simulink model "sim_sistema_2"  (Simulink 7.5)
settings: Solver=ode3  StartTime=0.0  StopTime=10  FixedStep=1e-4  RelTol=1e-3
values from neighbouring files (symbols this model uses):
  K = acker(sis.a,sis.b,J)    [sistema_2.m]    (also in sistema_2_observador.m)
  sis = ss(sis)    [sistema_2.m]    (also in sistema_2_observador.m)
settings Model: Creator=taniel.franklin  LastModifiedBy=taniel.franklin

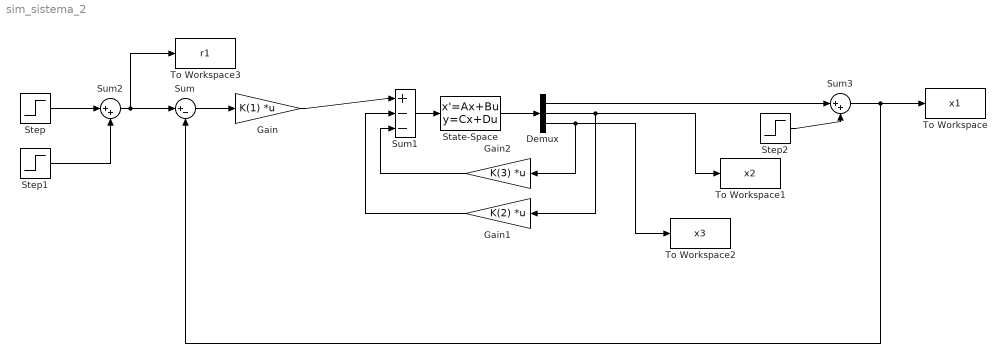
== system sim_sistema_2 ==
  Demux : Demux  Outputs=3
  Gain : Gain  Gain=K(1)  Multiplication=Matrix(K*u)  ParameterDataType=fixdt(1, 16)  ParameterScaling=2^0  OutDataType=fixdt(1, 16)  OutScaling=2^0
  Gain1 : Gain  Gain=K(2)  Multiplication=Matrix(K*u)  ParameterDataType=fixdt(1, 16)  ParameterScaling=2^0  OutDataType=fixdt(1, 16)  OutScaling=2^0
  Gain2 : Gain  Gain=K(3)  Multiplication=Matrix(K*u)  ParameterDataType=fixdt(1, 16)  ParameterScaling=2^0  OutDataType=fixdt(1, 16)  OutScaling=2^0
  State-Space : StateSpace  A=sis.A  B=sis.B  C=eye(3)  D=[0;0;0]
  Step : Step  Time=0.2  SampleTime=0
  Step1 : Step  Time=3  SampleTime=0
  Step2 : Step  Time=6  After=-1  SampleTime=0
  Sum : Sum  Inputs=|+-  OutDataType=fixdt(1, 16)  OutScaling=2^0
  Sum1 : Sum  Inputs=|+--  OutDataType=fixdt(1, 16)  OutScaling=2^0
  Sum2 : Sum  Inputs=|++  OutDataType=fixdt(1, 16)  OutScaling=2^0
  Sum3 : Sum  Inputs=|++  OutDataType=fixdt(1, 16)  OutScaling=2^0
  To Workspace : ToWorkspace  VariableName=x1  SampleTime=-1  SaveFormat=Structure With Time
  To Workspace1 : ToWorkspace  VariableName=x2  SampleTime=-1  SaveFormat=Structure With Time
  To Workspace2 : ToWorkspace  VariableName=x3  SampleTime=-1  SaveFormat=Structure With Time
  To Workspace3 : ToWorkspace  VariableName=r1  SampleTime=-1  SaveFormat=Structure With Time
  wires:
  State-Space/1 -> Demux/1
  Demux/2 -> To Workspace1/1, Gain1/1
  Demux/3 -> To Workspace2/1, Gain2/1
  Gain/1 -> Sum1/1
  Sum/1 -> Gain/1
  Sum1/1 -> State-Space/1
  Gain1/1 -> Sum1/2
  Step/1 -> Sum2/1
  Step1/1 -> Sum2/2
  Sum2/1 -> Sum/1, To Workspace3/1
  Gain2/1 -> Sum1/3
  Step2/1 -> Sum3/2
  Demux/1 -> Sum3/1
  Sum3/1 -> To Workspace/1, Sum/2

■ Directions for this task: Using the records above, filter out every line that lacks the string "settings" and copy the rest.

■ Answer to the problem:
settings: Solver=ode3  StartTime=0.0  StopTime=10  FixedStep=1e-4  RelTol=1e-3
settings Model: Creator=taniel.franklin  LastModifiedBy=taniel.franklin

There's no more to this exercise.